On February 16, 2006, an autistic manager of Greece Athena High School's basketball team would change his life forever, thanks to the freak show-loving society that is America. J-Mac, as he is known by his friends, was allowed to come in for the last four minutes of play in the last game of the season, and promptly missed his first two shots after an ear-shattering wave of applause from the crowd.

However, McElwain's financial future was secured after making his next six shots, all of which were three-pointers. The always optimistic member of the class of 2006 finished the game with 20 points in four minutes, which pans out to 240 points in 48 minutes in the NBA. The attention paid to McElwain was mostly local for the first few days after the game, but McElwain was quickly brought into the mainstream, where his feel-good story would eventually have Hollywood's stamp of approval.

He is autistic and achieved something that most top professionals of the sport dream of doing, that's great. Good for him. But now, he's not only met with President Bush, he's scheduled to appear on Oprah on Monday, April 24, 2006, and has struck a deal with Columbia Pictures to sell the rights to his life story.

It is a feat in and of itself to score 20 points in 4 minutes, let alone hitting six straight shots from beyond the arc. But it isn't just the accomplishment that has brought McElwain fame -- it's his autism. He's not Jason McElwain, he's "that autistic kid that got 20 points in 4 minutes." He doesn't have autism in the mainstream; the autism has him.

And it's not as if McElwain's autism hampered his ability to play basketball; autism manifests itself in markedly abnormal social interaction, communication ability, patterns of interests, and patterns of behavior. It does not make him shoot a basketball any worse than the next person.

Right behind McElwain is Earvin "Magic" Johnson, he of Lakers fame. "When I first saw the highlights on ESPN and then heard Jason's back story, I said, 'Man, I've got to be a part of this.' This story touched me, my kids, my wife," said Johnson. "When we go to the movies, this is the type of story we want to see."

The self-centeredness of the typical American is apparent in that one comment of Johnson's. "Man, I've got to be a part of this." "When we go to the movies, this is the type of story we want to see." Yes, it's all about satiating ourselves. Entertain me, autistic boy. Make me money, autistic boy.

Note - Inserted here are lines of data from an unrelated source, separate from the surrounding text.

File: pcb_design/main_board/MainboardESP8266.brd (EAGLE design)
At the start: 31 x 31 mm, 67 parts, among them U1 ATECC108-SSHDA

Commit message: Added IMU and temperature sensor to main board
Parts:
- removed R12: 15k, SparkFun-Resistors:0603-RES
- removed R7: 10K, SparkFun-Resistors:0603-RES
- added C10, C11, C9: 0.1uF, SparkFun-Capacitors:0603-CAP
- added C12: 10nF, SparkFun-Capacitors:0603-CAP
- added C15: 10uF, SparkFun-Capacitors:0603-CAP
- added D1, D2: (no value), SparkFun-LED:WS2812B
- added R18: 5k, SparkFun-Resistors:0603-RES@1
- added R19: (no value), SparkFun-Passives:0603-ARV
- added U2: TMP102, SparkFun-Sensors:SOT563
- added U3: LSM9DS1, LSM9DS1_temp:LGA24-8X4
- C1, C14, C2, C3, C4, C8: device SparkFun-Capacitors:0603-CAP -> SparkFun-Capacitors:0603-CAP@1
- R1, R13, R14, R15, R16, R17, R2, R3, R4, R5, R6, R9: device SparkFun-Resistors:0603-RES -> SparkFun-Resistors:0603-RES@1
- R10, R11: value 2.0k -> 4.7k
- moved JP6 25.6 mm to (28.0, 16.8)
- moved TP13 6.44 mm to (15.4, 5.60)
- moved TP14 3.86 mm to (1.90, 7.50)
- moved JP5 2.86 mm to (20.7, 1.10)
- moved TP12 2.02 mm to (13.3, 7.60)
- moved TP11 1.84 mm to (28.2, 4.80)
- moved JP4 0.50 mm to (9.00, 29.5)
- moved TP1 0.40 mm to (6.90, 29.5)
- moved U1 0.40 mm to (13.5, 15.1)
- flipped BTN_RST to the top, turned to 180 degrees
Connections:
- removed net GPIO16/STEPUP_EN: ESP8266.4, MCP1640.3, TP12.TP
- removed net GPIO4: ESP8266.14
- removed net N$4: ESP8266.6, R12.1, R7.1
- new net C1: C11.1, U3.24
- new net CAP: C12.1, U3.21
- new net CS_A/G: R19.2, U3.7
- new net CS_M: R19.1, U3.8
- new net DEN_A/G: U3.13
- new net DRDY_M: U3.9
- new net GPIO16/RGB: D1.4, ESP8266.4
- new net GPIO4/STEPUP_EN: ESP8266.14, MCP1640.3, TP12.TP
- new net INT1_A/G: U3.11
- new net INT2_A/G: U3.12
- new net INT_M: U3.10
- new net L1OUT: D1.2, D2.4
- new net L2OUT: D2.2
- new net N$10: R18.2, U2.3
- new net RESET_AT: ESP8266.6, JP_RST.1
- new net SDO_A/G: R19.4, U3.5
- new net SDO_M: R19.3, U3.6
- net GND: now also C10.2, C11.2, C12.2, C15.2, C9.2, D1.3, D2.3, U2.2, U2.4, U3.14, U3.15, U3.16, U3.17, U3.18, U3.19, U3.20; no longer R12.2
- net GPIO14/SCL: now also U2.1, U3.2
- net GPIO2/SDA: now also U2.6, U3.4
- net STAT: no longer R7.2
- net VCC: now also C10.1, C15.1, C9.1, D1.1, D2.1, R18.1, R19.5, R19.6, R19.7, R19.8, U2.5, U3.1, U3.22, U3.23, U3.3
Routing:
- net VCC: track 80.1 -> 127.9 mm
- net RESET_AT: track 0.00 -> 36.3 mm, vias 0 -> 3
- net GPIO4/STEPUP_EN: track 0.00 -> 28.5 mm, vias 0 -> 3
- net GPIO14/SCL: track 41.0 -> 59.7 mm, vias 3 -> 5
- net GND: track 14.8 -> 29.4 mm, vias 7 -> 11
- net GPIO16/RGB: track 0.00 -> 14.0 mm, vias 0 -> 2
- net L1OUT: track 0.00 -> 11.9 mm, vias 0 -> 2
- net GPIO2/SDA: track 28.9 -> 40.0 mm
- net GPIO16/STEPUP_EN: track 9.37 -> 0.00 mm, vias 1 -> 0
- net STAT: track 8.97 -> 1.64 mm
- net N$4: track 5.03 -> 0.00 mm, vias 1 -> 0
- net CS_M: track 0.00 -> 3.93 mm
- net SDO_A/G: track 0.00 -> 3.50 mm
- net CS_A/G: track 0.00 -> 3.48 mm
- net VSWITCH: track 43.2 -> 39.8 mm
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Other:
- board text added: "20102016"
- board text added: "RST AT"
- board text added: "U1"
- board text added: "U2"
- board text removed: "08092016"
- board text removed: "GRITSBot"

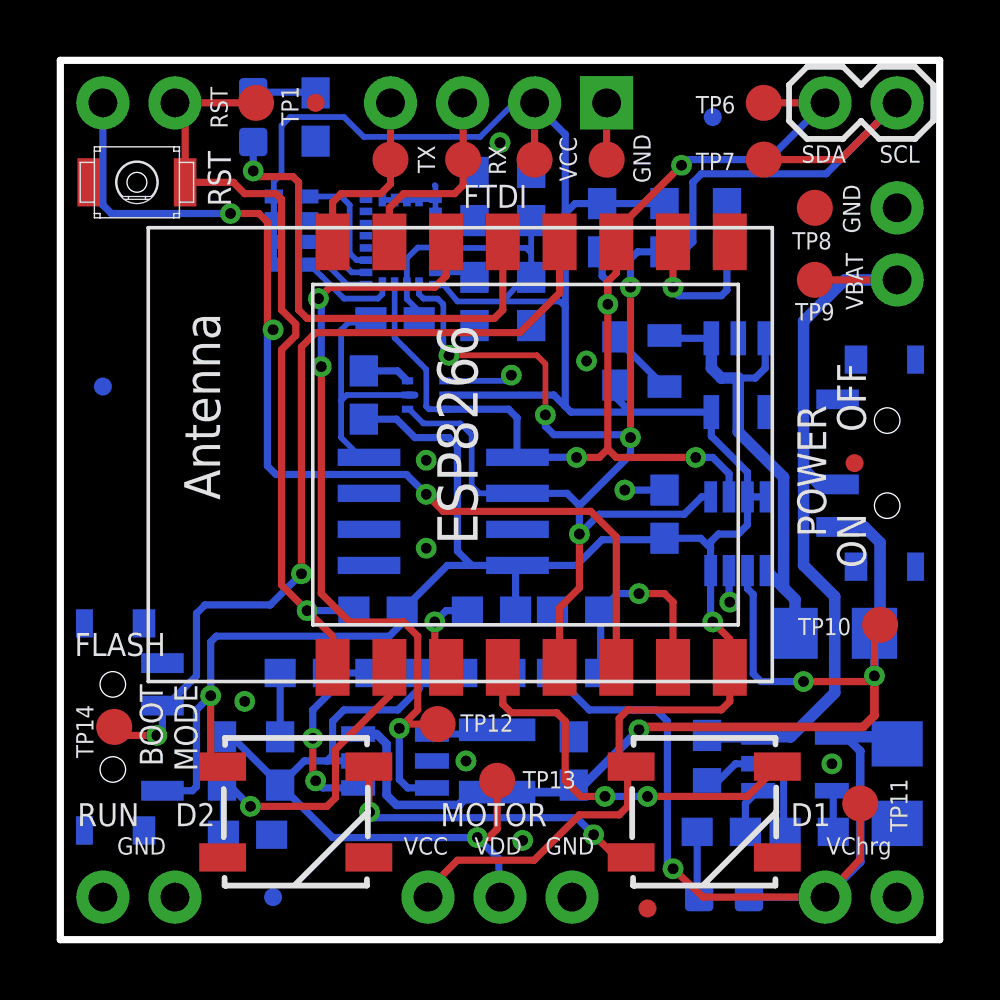
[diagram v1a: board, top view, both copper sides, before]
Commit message: Fixed RGB LED setup on main board.
The RGB LEDs were connected to GPIO16, which on some versions
of the ESP8266 is connected to the RESET pin and can't be used
as general purpose pin after all. The RGB LEDs are now connected
to GPIO5 - the same pin as the status LED. Both types of LEDs can
be used together on the same pin.
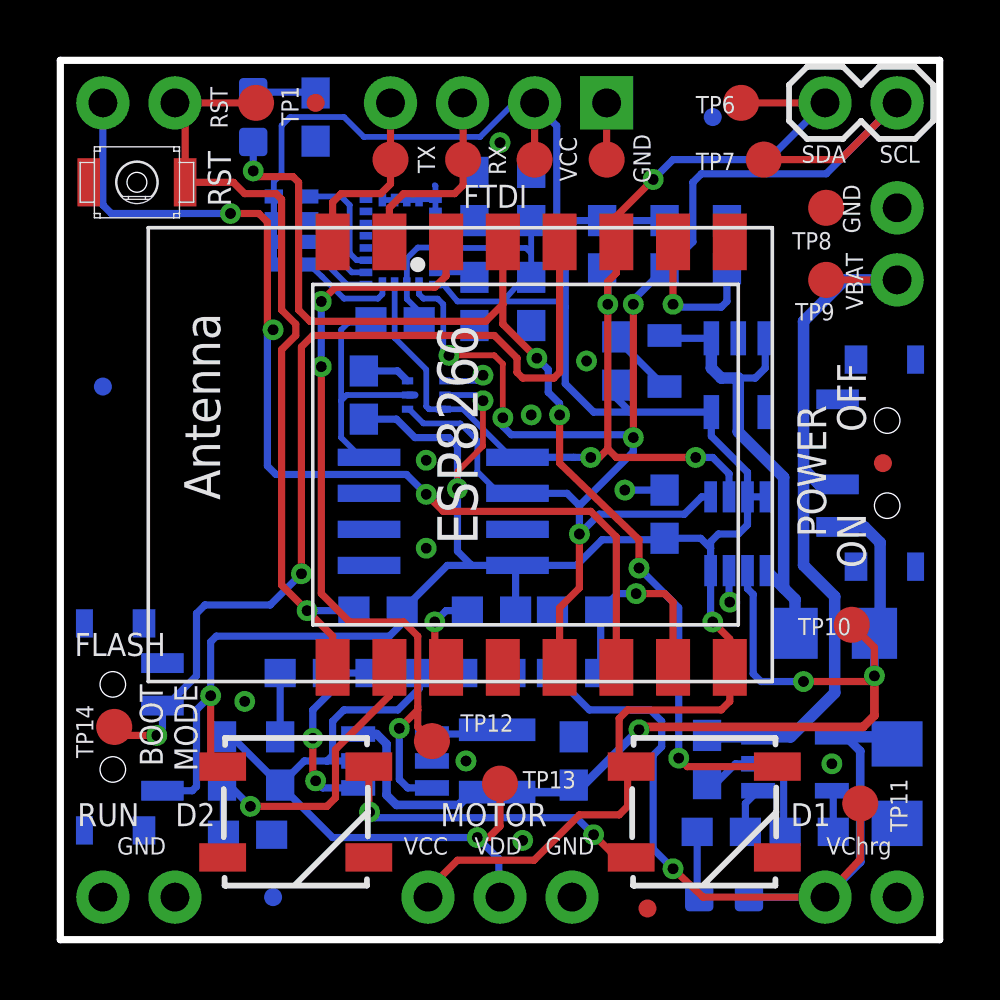
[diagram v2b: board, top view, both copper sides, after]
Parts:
- R19: value (none) -> 10k
- moved JP6 1.00 mm to (29.0, 16.8)
- moved TP10 1.00 mm to (27.9, 11.1)
- moved TP6 0.80 mm to (24.0, 29.5)
- moved TP12 0.63 mm to (13.1, 7.00)
- moved R1 0.60 mm to (23.5, 24.5)
- moved R10 0.60 mm to (19.1, 24.5)
- moved R11 0.60 mm to (21.3, 24.5)
- moved TP8 0.40 mm to (27.0, 25.8)
- moved TP9 0.40 mm to (27.0, 23.3)
- moved TP13 0.14 mm to (15.5, 5.50)
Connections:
- removed net GPIO16/RGB: D1.4, ESP8266.4
- removed net GPIO5: ESP8266.13, LED_USER.A
- new net GPIO5_LEDS: D1.4, ESP8266.13, LED_USER.A
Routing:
- net GPIO5_LEDS: track 0.00 -> 39.7 mm, vias 0 -> 5
- net GPIO5: track 17.4 -> 0.00 mm, vias 1 -> 0
- net GPIO16/RGB: track 14.0 -> 0.00 mm, vias 2 -> 0
- net GPIO0: track 30.6 -> 33.7 mm
- net GPIO14/SCL: track 59.7 -> 58.5 mm
- net GND: track 29.4 -> 28.4 mm, vias 11 -> 12
- net VCC: track 127.9 -> 128.0 mm, vias 2 -> 4

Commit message: Moved test pads to account for pogo pin holes on tester boards
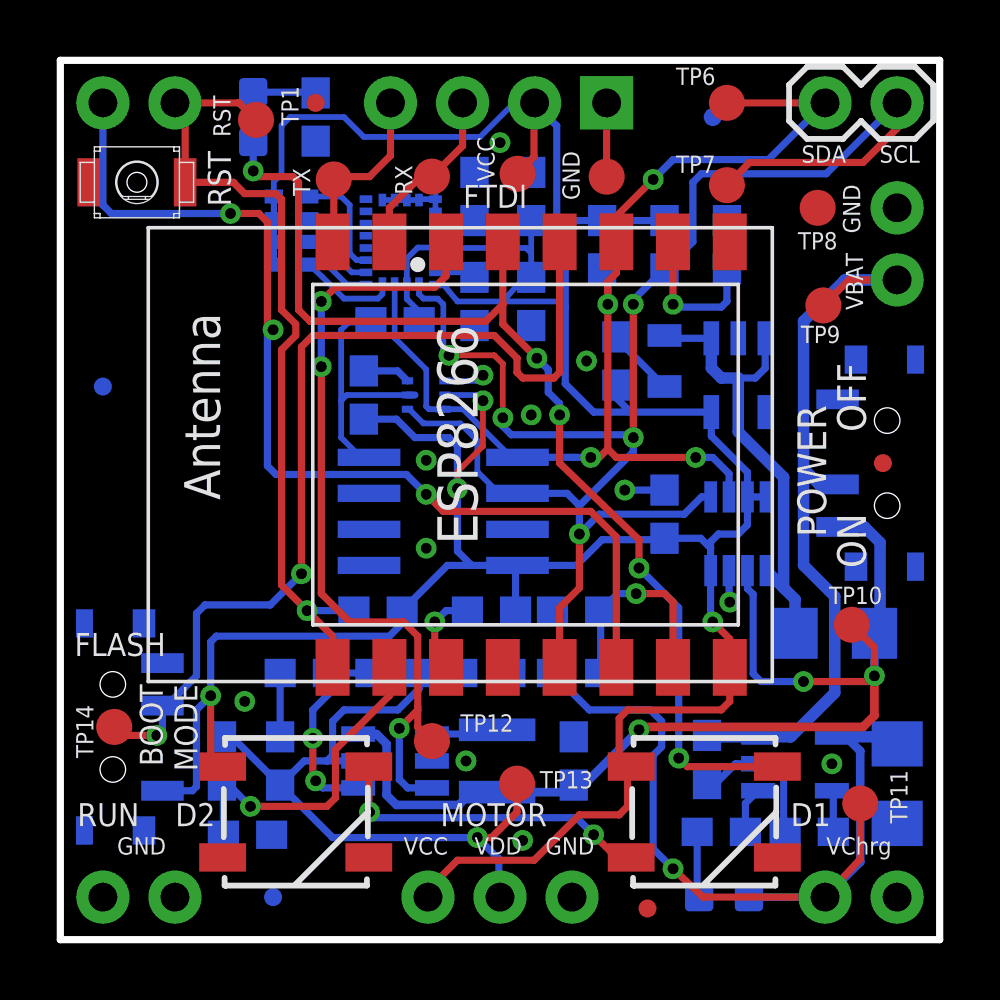
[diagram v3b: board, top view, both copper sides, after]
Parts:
- moved TP2 2.12 mm to (9.64, 26.8)
- moved TP7 1.58 mm to (23.5, 26.6)
- moved TP3 1.25 mm to (13.1, 26.9)
- moved TP9 0.91 mm to (26.9, 22.4)
- moved TP4 0.78 mm to (16.1, 27.0)
- moved TP1 0.60 mm to (6.90, 28.9)
- moved TP13 0.60 mm to (16.1, 5.50)
- moved TP5 0.60 mm to (19.3, 26.9)
- moved TP6 0.50 mm to (23.5, 29.5)
- moved TP8 0.30 mm to (26.7, 25.8)
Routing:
- net GPIO14/SCL: track 58.5 -> 60.7 mm
- net U0RXI: track 7.04 -> 6.23 mm
- net VCC: track 128.0 -> 128.7 mm
- net GND: track 28.4 -> 29.0 mm
- net GPIO2/SDA: track 39.9 -> 40.4 mm

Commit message: Added test pin for GPIO5
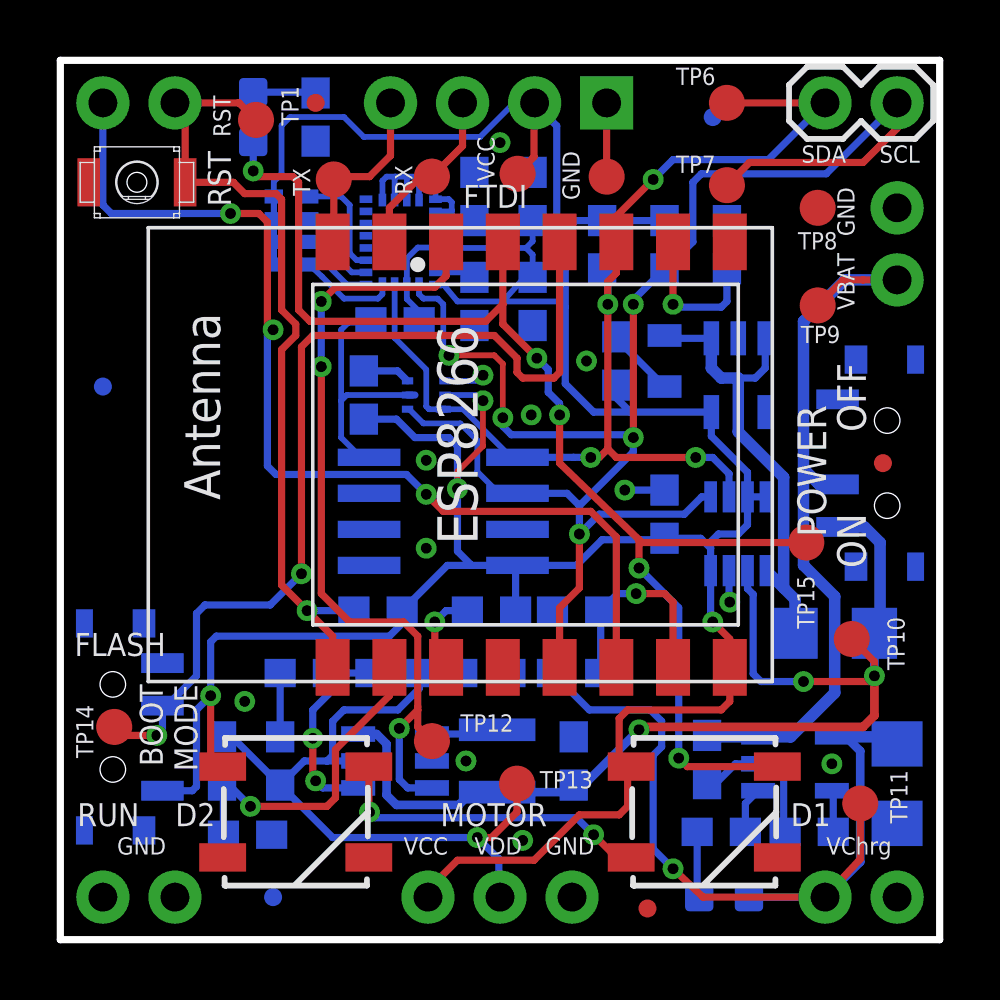
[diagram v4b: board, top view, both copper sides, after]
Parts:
- added TP15: PTR1B1,27, testpad:B1,27
- moved TP10 0.50 mm to (27.9, 10.6)
- moved TP9 0.20 mm to (26.7, 22.4)
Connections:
- net GPIO5_LEDS: now also TP15.TP
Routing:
- net GPIO5_LEDS: track 39.7 -> 45.6 mm
- net GND: track 29.0 -> 34.1 mm
- net VCC: track 128.7 -> 129.3 mm
- net VSWITCH: track 40.0 -> 39.5 mm
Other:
- board text added: "09112016"
- board text added: "v8.0"
- board text removed: "20102016"
- board text removed: "v7.0"

If all it takes anymore to hit it big in America is some sort of disability, then you can find me slamming my head up against a wall until I don't know who I am anymore, then offer me a movie contract and an appearance on Oprah.

Estimates say that autism occurs in one in every 166 children in the United States, though some estimates have it more conservatively at 1,000. There are 298,568,334 people living in the United States as of this writing. By the conservative estimate, 298,568 of them are autistic, and plenty more have diseases that have been used in other movies that likely have at least "Academy Award nominee" in the footnotes, thanks to the freak show-loving American public, and more importantly, American mainstream media. Are those 298,568 autistic people deserving of a movie contract, too, or do they need to do something as great as hit six straight three-pointers? Probably not. Not even McElwain is deserving of his fame.

When this country can stop finding the differences between themselves and others and attempting to profit off of it, maybe she won't find herself in such a precarious position all of the time. Whether it's pointing out that Middle Eastern people were largely responsible for the attacks on the World Trade Center on September 11, 2001, and subsequently resorting to racial profiling for airport security, or viewing an autistic person as "underlings" because of their disability, Americans are always going to use discrimination to put themselves on a pedestal, usually to do one of two things: make himself look good, or to fill his wallet with greenbacks.

So what can be expected of McElwain's movie? We can expect it to be in the running for Best Picture, if history is any indication. We can also be sure that Magic Johnson and Columbia Pictures are glad this kid wasn't born "normal."